Women advocating for human trafficking victims, leading ‘Walk for Freedom’ efforts

Amanda Ferguson (left) and Tory Bauer lead a group of silent walkers down Gering's 10th Street during the WAlk for Freedom in 2019. The rally aims to bring awareness to human trafficking.

Two area women have begun efforts to organize an annual walk aimed at raising awareness of human-trafficking victims.

Tory Bauer and Amanda Ferguson have started spreading the word about the event, the Walk for Freedom, this month as January highlights Human Trafficking Awareness.

Bauer explained that the two women became involved in the annual walk, which is an organized effort of awareness rallies throughout the U.S. and countries throughout the world to highlight human trafficking and slavery. The goal of the walk is to abolish slavery, everywhere, according to the Walk for Freedom website, a21.org.

Last year’s rally was put together rather hurriedly, Bauer said. People who wish to organize rallies complete an application process and Bauer and Ferguson learned just three weeks prior to the event that their effort had been approved.

Though some details are still evolving, the walk will be held on Oct. 17. Participants in the rally walk, in a silent, single-file line, dressed in black, holding signs and posters. Through their church and others

Bauer and Ferguson have drawn from their own experiences to become advocates in educating others about human trafficking. Bauer worked with human trafficking victims during a three-month internship in Germany.

“I felt a call from the Lord to do that,” she said. “...The burden has not left. It’s so prevalent here, the Lord is like, ‘It’s here. You need to tell people about it.’”

She learned about an organization, The Justice Project, through former Mitchell Berean Church Pastor Giles Armstrong. In Germany, prostitution is legal, with leaders decriminalizing prostitution and believing that it fuels the economy, Bauer said. The Justice Project operates a drop-in cafe in close proximity to the Red Light District, an area where women are sold in prostitution, and a safe house for women who are looking to escape the lifestyle. Through The Justice Project, women are also provided assistance, from work training to therapy.

Her experience in getting to know survivors of human trafficking “destroyed a lot of stereotypes for me,” Bauer said. “None of them were kidnapped. It was either a family member or a community member (that sold them into human trafficking). ... Most of them were moms, some of them hadn’t seen their kids in years. It was heartbreaking. I will never forget that experience.”

Ferguson said she has experienced abuse and became interested in the topic of preventing human trafficking and advocating for victims during conversations with Bauer.

“I have a passion that comes into play with women who have been abused, whether that be physically, emotionally, sexually. As a victim myself, I just feel like there are a lot of women out there who need to know that they are not alone and that they have a voice.”

Because of her own experiences, she said she finds herself relating to survivors of sex trafficking, from not knowing how to process abuse to the hurt and feelings that a victim experiences.

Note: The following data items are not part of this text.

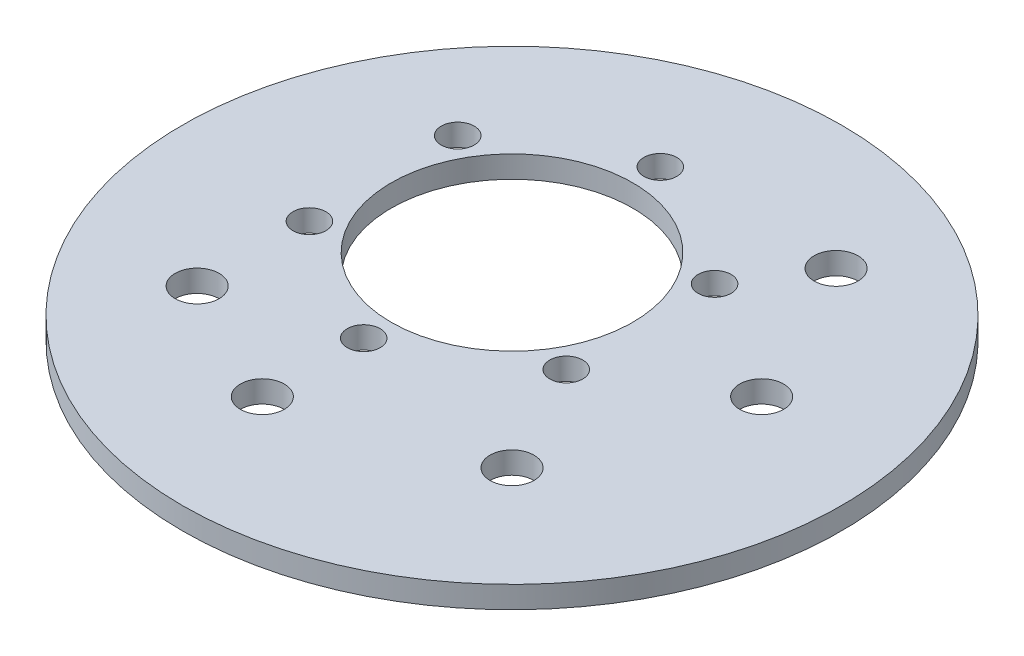
ISO-10303-21;
HEADER;
FILE_DESCRIPTION(('STEP AP214'),'2;1');
FILE_NAME('part.step','',(''),(''),'','','');
FILE_SCHEMA(('AUTOMOTIVE_DESIGN { 1 0 10303 214 1 1 1 1 }'));
ENDSEC;
DATA;
#1=APPLICATION_CONTEXT('core data for automotive mechanical design processes');
#2=APPLICATION_PROTOCOL_DEFINITION('international standard','automotive_design',2000,#1);
#3=PRODUCT_CONTEXT('',#1,'mechanical');
#4=PRODUCT('Part','Part','',(#3));
#5=PRODUCT_RELATED_PRODUCT_CATEGORY('part','',(#4));
#6=PRODUCT_DEFINITION_FORMATION('','',#4);
#7=PRODUCT_DEFINITION_CONTEXT('part definition',#1,'design');
#8=PRODUCT_DEFINITION('design','',#6,#7);
#9=PRODUCT_DEFINITION_SHAPE('','',#8);
#10=(LENGTH_UNIT() NAMED_UNIT(*) SI_UNIT(.MILLI.,.METRE.));
#11=(NAMED_UNIT(*) PLANE_ANGLE_UNIT() SI_UNIT($,.RADIAN.));
#12=(NAMED_UNIT(*) SI_UNIT($,.STERADIAN.) SOLID_ANGLE_UNIT());
#13=UNCERTAINTY_MEASURE_WITH_UNIT(LENGTH_MEASURE(1.E-05),#10,'distance_accuracy_value','');
#14=(GEOMETRIC_REPRESENTATION_CONTEXT(3) GLOBAL_UNCERTAINTY_ASSIGNED_CONTEXT((#13)) GLOBAL_UNIT_ASSIGNED_CONTEXT((#10,
#11,#12)) REPRESENTATION_CONTEXT('',''));
#15=CARTESIAN_POINT('',(0.,0.,0.));
#16=DIRECTION('',(0.,0.,1.));
#17=DIRECTION('',(1.,0.,0.));
#18=AXIS2_PLACEMENT_3D('',#15,#16,#17);
#19=CARTESIAN_POINT('',(0.,2.,0.));
#20=DIRECTION('',(0.,-1.,0.));
#21=DIRECTION('',(0.,0.,-1.));
#22=AXIS2_PLACEMENT_3D('',#19,#20,#21);
#23=CYLINDRICAL_SURFACE('',#22,30.);
#24=CARTESIAN_POINT('',(0.,2.,0.));
#25=DIRECTION('',(0.,1.,0.));
#26=DIRECTION('',(0.,0.,1.));
#27=AXIS2_PLACEMENT_3D('',#24,#25,#26);
#28=CIRCLE('',#27,30.);
#29=CARTESIAN_POINT('',(0.,2.,30.));
#30=VERTEX_POINT('',#29);
#31=EDGE_CURVE('E11',#30,#30,#28,.T.);
#32=ORIENTED_EDGE('',*,*,#31,.F.);
#33=EDGE_LOOP('',(#32));
#34=FACE_BOUND('',#33,.T.);
#35=CARTESIAN_POINT('',(0.,0.,0.));
#36=DIRECTION('',(0.,1.,0.));
#37=DIRECTION('',(0.,0.,1.));
#38=AXIS2_PLACEMENT_3D('',#35,#36,#37);
#39=CIRCLE('',#38,30.);
#40=CARTESIAN_POINT('',(0.,0.,30.));
#41=VERTEX_POINT('',#40);
#42=EDGE_CURVE('E59',#41,#41,#39,.T.);
#43=ORIENTED_EDGE('',*,*,#42,.T.);
#44=EDGE_LOOP('',(#43));
#45=FACE_BOUND('',#44,.T.);
#46=ADVANCED_FACE('F56',(#34,#45),#23,.T.);
#47=CARTESIAN_POINT('',(0.,2.,0.));
#48=DIRECTION('',(0.,1.,0.));
#49=DIRECTION('',(0.,0.,1.));
#50=AXIS2_PLACEMENT_3D('',#47,#48,#49);
#51=PLANE('',#50);
#52=CARTESIAN_POINT('',(-4.94974746830583,2.,-18.4497474683058));
#53=DIRECTION('',(0.,1.,0.));
#54=DIRECTION('',(0.,0.,1.));
#55=AXIS2_PLACEMENT_3D('',#52,#53,#54);
#56=CIRCLE('',#55,1.5);
#57=CARTESIAN_POINT('',(-4.94974746830583,2.,-16.9497474683058));
#58=VERTEX_POINT('',#57);
#59=EDGE_CURVE('E102',#58,#58,#56,.T.);
#60=ORIENTED_EDGE('',*,*,#59,.F.);
#61=EDGE_LOOP('',(#60));
#62=FACE_BOUND('',#61,.T.);
#63=CARTESIAN_POINT('',(-16.6410904193954,2.,-11.6997474683055));
#64=DIRECTION('',(0.,1.,0.));
#65=DIRECTION('',(0.,0.,1.));
#66=AXIS2_PLACEMENT_3D('',#63,#64,#65);
#67=CIRCLE('',#66,1.5);
#68=CARTESIAN_POINT('',(-16.6410904193954,2.,-10.1997474683055));
#69=VERTEX_POINT('',#68);
#70=EDGE_CURVE('E101',#69,#69,#67,.T.);
#71=ORIENTED_EDGE('',*,*,#70,.F.);
#72=EDGE_LOOP('',(#71));
#73=FACE_BOUND('',#72,.T.);
#74=CARTESIAN_POINT('',(-16.6410904193957,2.,1.80025253169417));
#75=DIRECTION('',(0.,1.,0.));
#76=DIRECTION('',(0.,0.,1.));
#77=AXIS2_PLACEMENT_3D('',#74,#75,#76);
#78=CIRCLE('',#77,1.49999999999916);
#79=CARTESIAN_POINT('',(-16.6410904193957,2.,3.30025253169333));
#80=VERTEX_POINT('',#79);
#81=EDGE_CURVE('E109',#80,#80,#78,.T.);
#82=ORIENTED_EDGE('',*,*,#81,.F.);
#83=EDGE_LOOP('',(#82));
#84=FACE_BOUND('',#83,.T.);
#85=CARTESIAN_POINT('',(-4.94974746830583,2.,8.55025253169416));
#86=DIRECTION('',(0.,1.,0.));
#87=DIRECTION('',(0.,0.,1.));
#88=AXIS2_PLACEMENT_3D('',#85,#86,#87);
#89=CIRCLE('',#88,1.499999999999);
#90=CARTESIAN_POINT('',(-4.94974746830583,2.,10.0502525316932));
#91=VERTEX_POINT('',#90);
#92=EDGE_CURVE('E115',#91,#91,#89,.T.);
#93=ORIENTED_EDGE('',*,*,#92,.F.);
#94=EDGE_LOOP('',(#93));
#95=FACE_BOUND('',#94,.T.);
#96=CARTESIAN_POINT('',(6.74159548278409,2.,1.80025253169416));
#97=DIRECTION('',(0.,1.,0.));
#98=DIRECTION('',(0.,0.,1.));
#99=AXIS2_PLACEMENT_3D('',#96,#97,#98);
#100=CIRCLE('',#99,1.49999999999939);
#101=CARTESIAN_POINT('',(6.74159548278409,2.,3.30025253169355));
#102=VERTEX_POINT('',#101);
#103=EDGE_CURVE('E78',#102,#102,#100,.T.);
#104=ORIENTED_EDGE('',*,*,#103,.F.);
#105=EDGE_LOOP('',(#104));
#106=FACE_BOUND('',#105,.T.);
#107=CARTESIAN_POINT('',(17.7776770206899,2.,-4.94974746830584));
#108=DIRECTION('',(0.,1.,0.));
#109=DIRECTION('',(0.,0.,1.));
#110=AXIS2_PLACEMENT_3D('',#107,#108,#109);
#111=CIRCLE('',#110,2.);
#112=CARTESIAN_POINT('',(17.7776770206899,2.,-2.94974746830583));
#113=VERTEX_POINT('',#112);
#114=EDGE_CURVE('E77',#113,#113,#111,.T.);
#115=ORIENTED_EDGE('',*,*,#114,.F.);
#116=EDGE_LOOP('',(#115));
#117=FACE_BOUND('',#116,.T.);
#118=CARTESIAN_POINT('',(12.0208152801713,2.,12.0208152801713));
#119=DIRECTION('',(0.,1.,0.));
#120=DIRECTION('',(0.,0.,1.));
#121=AXIS2_PLACEMENT_3D('',#118,#119,#120);
#122=CIRCLE('',#121,2.);
#123=CARTESIAN_POINT('',(12.0208152801713,2.,14.0208152801713));
#124=VERTEX_POINT('',#123);
#125=EDGE_CURVE('E85',#124,#124,#122,.T.);
#126=ORIENTED_EDGE('',*,*,#125,.F.);
#127=EDGE_LOOP('',(#126));
#128=FACE_BOUND('',#127,.T.);
#129=CARTESIAN_POINT('',(-4.94974746830583,2.,17.77767702069));
#130=DIRECTION('',(0.,1.,0.));
#131=DIRECTION('',(0.,0.,1.));
#132=AXIS2_PLACEMENT_3D('',#129,#130,#131);
#133=CIRCLE('',#132,2.);
#134=CARTESIAN_POINT('',(-4.94974746830583,2.,19.77767702069));
#135=VERTEX_POINT('',#134);
#136=EDGE_CURVE('E91',#135,#135,#133,.T.);
#137=ORIENTED_EDGE('',*,*,#136,.F.);
#138=EDGE_LOOP('',(#137));
#139=FACE_BOUND('',#138,.T.);
#140=CARTESIAN_POINT('',(-4.94974746830583,2.,-4.94974746830584));
#141=DIRECTION('',(0.,1.,0.));
#142=DIRECTION('',(0.,0.,1.));
#143=AXIS2_PLACEMENT_3D('',#140,#141,#142);
#144=CIRCLE('',#143,11.);
#145=CARTESIAN_POINT('',(-4.94974746830583,2.,6.05025253169416));
#146=VERTEX_POINT('',#145);
#147=EDGE_CURVE('E125',#146,#146,#144,.T.);
#148=ORIENTED_EDGE('',*,*,#147,.F.);
#149=EDGE_LOOP('',(#148));
#150=FACE_BOUND('',#149,.T.);
#151=CARTESIAN_POINT('',(6.7415954827844,2.,-11.6997474683063));
#152=DIRECTION('',(0.,1.,0.));
#153=DIRECTION('',(0.,0.,1.));
#154=AXIS2_PLACEMENT_3D('',#151,#152,#153);
#155=CIRCLE('',#154,1.5);
#156=CARTESIAN_POINT('',(6.7415954827844,2.,-10.1997474683063));
#157=VERTEX_POINT('',#156);
#158=EDGE_CURVE('E131',#157,#157,#155,.T.);
#159=ORIENTED_EDGE('',*,*,#158,.F.);
#160=EDGE_LOOP('',(#159));
#161=FACE_BOUND('',#160,.T.);
#162=CARTESIAN_POINT('',(11.0502525316942,2.,-18.4497474683058));
#163=DIRECTION('',(0.,1.,0.));
#164=DIRECTION('',(0.,0.,1.));
#165=AXIS2_PLACEMENT_3D('',#162,#163,#164);
#166=CIRCLE('',#165,2.);
#167=CARTESIAN_POINT('',(11.0502525316942,2.,-16.4497474683058));
#168=VERTEX_POINT('',#167);
#169=EDGE_CURVE('E126',#168,#168,#166,.T.);
#170=ORIENTED_EDGE('',*,*,#169,.F.);
#171=EDGE_LOOP('',(#170));
#172=FACE_BOUND('',#171,.T.);
#173=CARTESIAN_POINT('',(-16.6410904193957,2.,12.0208152801713));
#174=DIRECTION('',(0.,1.,0.));
#175=DIRECTION('',(0.,0.,1.));
#176=AXIS2_PLACEMENT_3D('',#173,#174,#175);
#177=CIRCLE('',#176,2.);
#178=CARTESIAN_POINT('',(-16.6410904193957,2.,14.0208152801713));
#179=VERTEX_POINT('',#178);
#180=EDGE_CURVE('E70',#179,#179,#177,.T.);
#181=ORIENTED_EDGE('',*,*,#180,.F.);
#182=EDGE_LOOP('',(#181));
#183=FACE_BOUND('',#182,.T.);
#184=ORIENTED_EDGE('',*,*,#31,.T.);
#185=EDGE_LOOP('',(#184));
#186=FACE_BOUND('',#185,.T.);
#187=ADVANCED_FACE('F143',(#62,#73,#84,#95,#106,#117,#128,#139,#150,#161,#172,#183,#186),#51,.T.);
#188=CARTESIAN_POINT('',(0.,0.,0.));
#189=DIRECTION('',(0.,1.,0.));
#190=DIRECTION('',(0.,0.,1.));
#191=AXIS2_PLACEMENT_3D('',#188,#189,#190);
#192=PLANE('',#191);
#193=CARTESIAN_POINT('',(-4.94974746830583,0.,-18.4497474683058));
#194=DIRECTION('',(0.,1.,0.));
#195=DIRECTION('',(0.,0.,1.));
#196=AXIS2_PLACEMENT_3D('',#193,#194,#195);
#197=CIRCLE('',#196,1.5);
#198=CARTESIAN_POINT('',(-4.94974746830583,0.,-16.9497474683058));
#199=VERTEX_POINT('',#198);
#200=EDGE_CURVE('E98',#199,#199,#197,.F.);
#201=ORIENTED_EDGE('',*,*,#200,.F.);
#202=EDGE_LOOP('',(#201));
#203=FACE_BOUND('',#202,.T.);
#204=CARTESIAN_POINT('',(-16.6410904193954,0.,-11.6997474683055));
#205=DIRECTION('',(0.,1.,0.));
#206=DIRECTION('',(0.,0.,1.));
#207=AXIS2_PLACEMENT_3D('',#204,#205,#206);
#208=CIRCLE('',#207,1.5);
#209=CARTESIAN_POINT('',(-16.6410904193954,0.,-10.1997474683055));
#210=VERTEX_POINT('',#209);
#211=EDGE_CURVE('E106',#210,#210,#208,.F.);
#212=ORIENTED_EDGE('',*,*,#211,.F.);
#213=EDGE_LOOP('',(#212));
#214=FACE_BOUND('',#213,.T.);
#215=CARTESIAN_POINT('',(-16.6410904193957,0.,1.80025253169417));
#216=DIRECTION('',(0.,1.,0.));
#217=DIRECTION('',(0.,0.,1.));
#218=AXIS2_PLACEMENT_3D('',#215,#216,#217);
#219=CIRCLE('',#218,1.49999999999916);
#220=CARTESIAN_POINT('',(-16.6410904193957,0.,3.30025253169333));
#221=VERTEX_POINT('',#220);
#222=EDGE_CURVE('E112',#221,#221,#219,.F.);
#223=ORIENTED_EDGE('',*,*,#222,.F.);
#224=EDGE_LOOP('',(#223));
#225=FACE_BOUND('',#224,.T.);
#226=CARTESIAN_POINT('',(-4.94974746830583,0.,8.55025253169416));
#227=DIRECTION('',(0.,1.,0.));
#228=DIRECTION('',(0.,0.,1.));
#229=AXIS2_PLACEMENT_3D('',#226,#227,#228);
#230=CIRCLE('',#229,1.499999999999);
#231=CARTESIAN_POINT('',(-4.94974746830583,0.,10.0502525316932));
#232=VERTEX_POINT('',#231);
#233=EDGE_CURVE('E81',#232,#232,#230,.F.);
#234=ORIENTED_EDGE('',*,*,#233,.F.);
#235=EDGE_LOOP('',(#234));
#236=FACE_BOUND('',#235,.T.);
#237=CARTESIAN_POINT('',(6.74159548278409,0.,1.80025253169416));
#238=DIRECTION('',(0.,1.,0.));
#239=DIRECTION('',(0.,0.,1.));
#240=AXIS2_PLACEMENT_3D('',#237,#238,#239);
#241=CIRCLE('',#240,1.49999999999939);
#242=CARTESIAN_POINT('',(6.74159548278409,0.,3.30025253169355));
#243=VERTEX_POINT('',#242);
#244=EDGE_CURVE('E74',#243,#243,#241,.F.);
#245=ORIENTED_EDGE('',*,*,#244,.F.);
#246=EDGE_LOOP('',(#245));
#247=FACE_BOUND('',#246,.T.);
#248=CARTESIAN_POINT('',(17.7776770206899,0.,-4.94974746830584));
#249=DIRECTION('',(0.,1.,0.));
#250=DIRECTION('',(0.,0.,1.));
#251=AXIS2_PLACEMENT_3D('',#248,#249,#250);
#252=CIRCLE('',#251,2.);
#253=CARTESIAN_POINT('',(17.7776770206899,0.,-2.94974746830583));
#254=VERTEX_POINT('',#253);
#255=EDGE_CURVE('E82',#254,#254,#252,.F.);
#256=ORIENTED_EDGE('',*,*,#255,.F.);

“I felt like I didn’t have a voice. I was scared to death to say anything,” she said. “...The hurt that I had and the pain that I had, I don’t feel like God used that for waste. He has a plan for that and it is prevailing more and more.”

Ferguson works for Region I Behavioral Health, helping juveniles, and Bauer works in Morrill schools. Both women are pursuing education to continue careers, with Bauer pursuing social work and Ferguson pursuing a degree in psychology. They have both been inspired to try to work through their church to continue advocacy, hoping to one day be involved in the formation of a safe house and other services for human trafficking victims.

” You have that lie, that misconception, that it (human trafficking) doesn’t happen here,” Bauer said, noting that like Germany, most human trafficking involves familial trafficking.

They are interested in becoming a part of the solution, they said, and have learned about improvements that have been made as the Nebraska Attorney General’s Office, legislators and leaders have worked to improve laws and resources.

“We have made a lot of progress as the state of Nebraska, but there is a lot of work that needs to be done,” Ferguson said.

Bauer and Ferguson are working to revamp The Walk for Freedom this year, hoping to determine a central location for the rally and some other involvement from organizations and leaders. They are also planning on reaching out to other churches to be involved.

“We want to spread it like Christ has called us to,” Bauer said.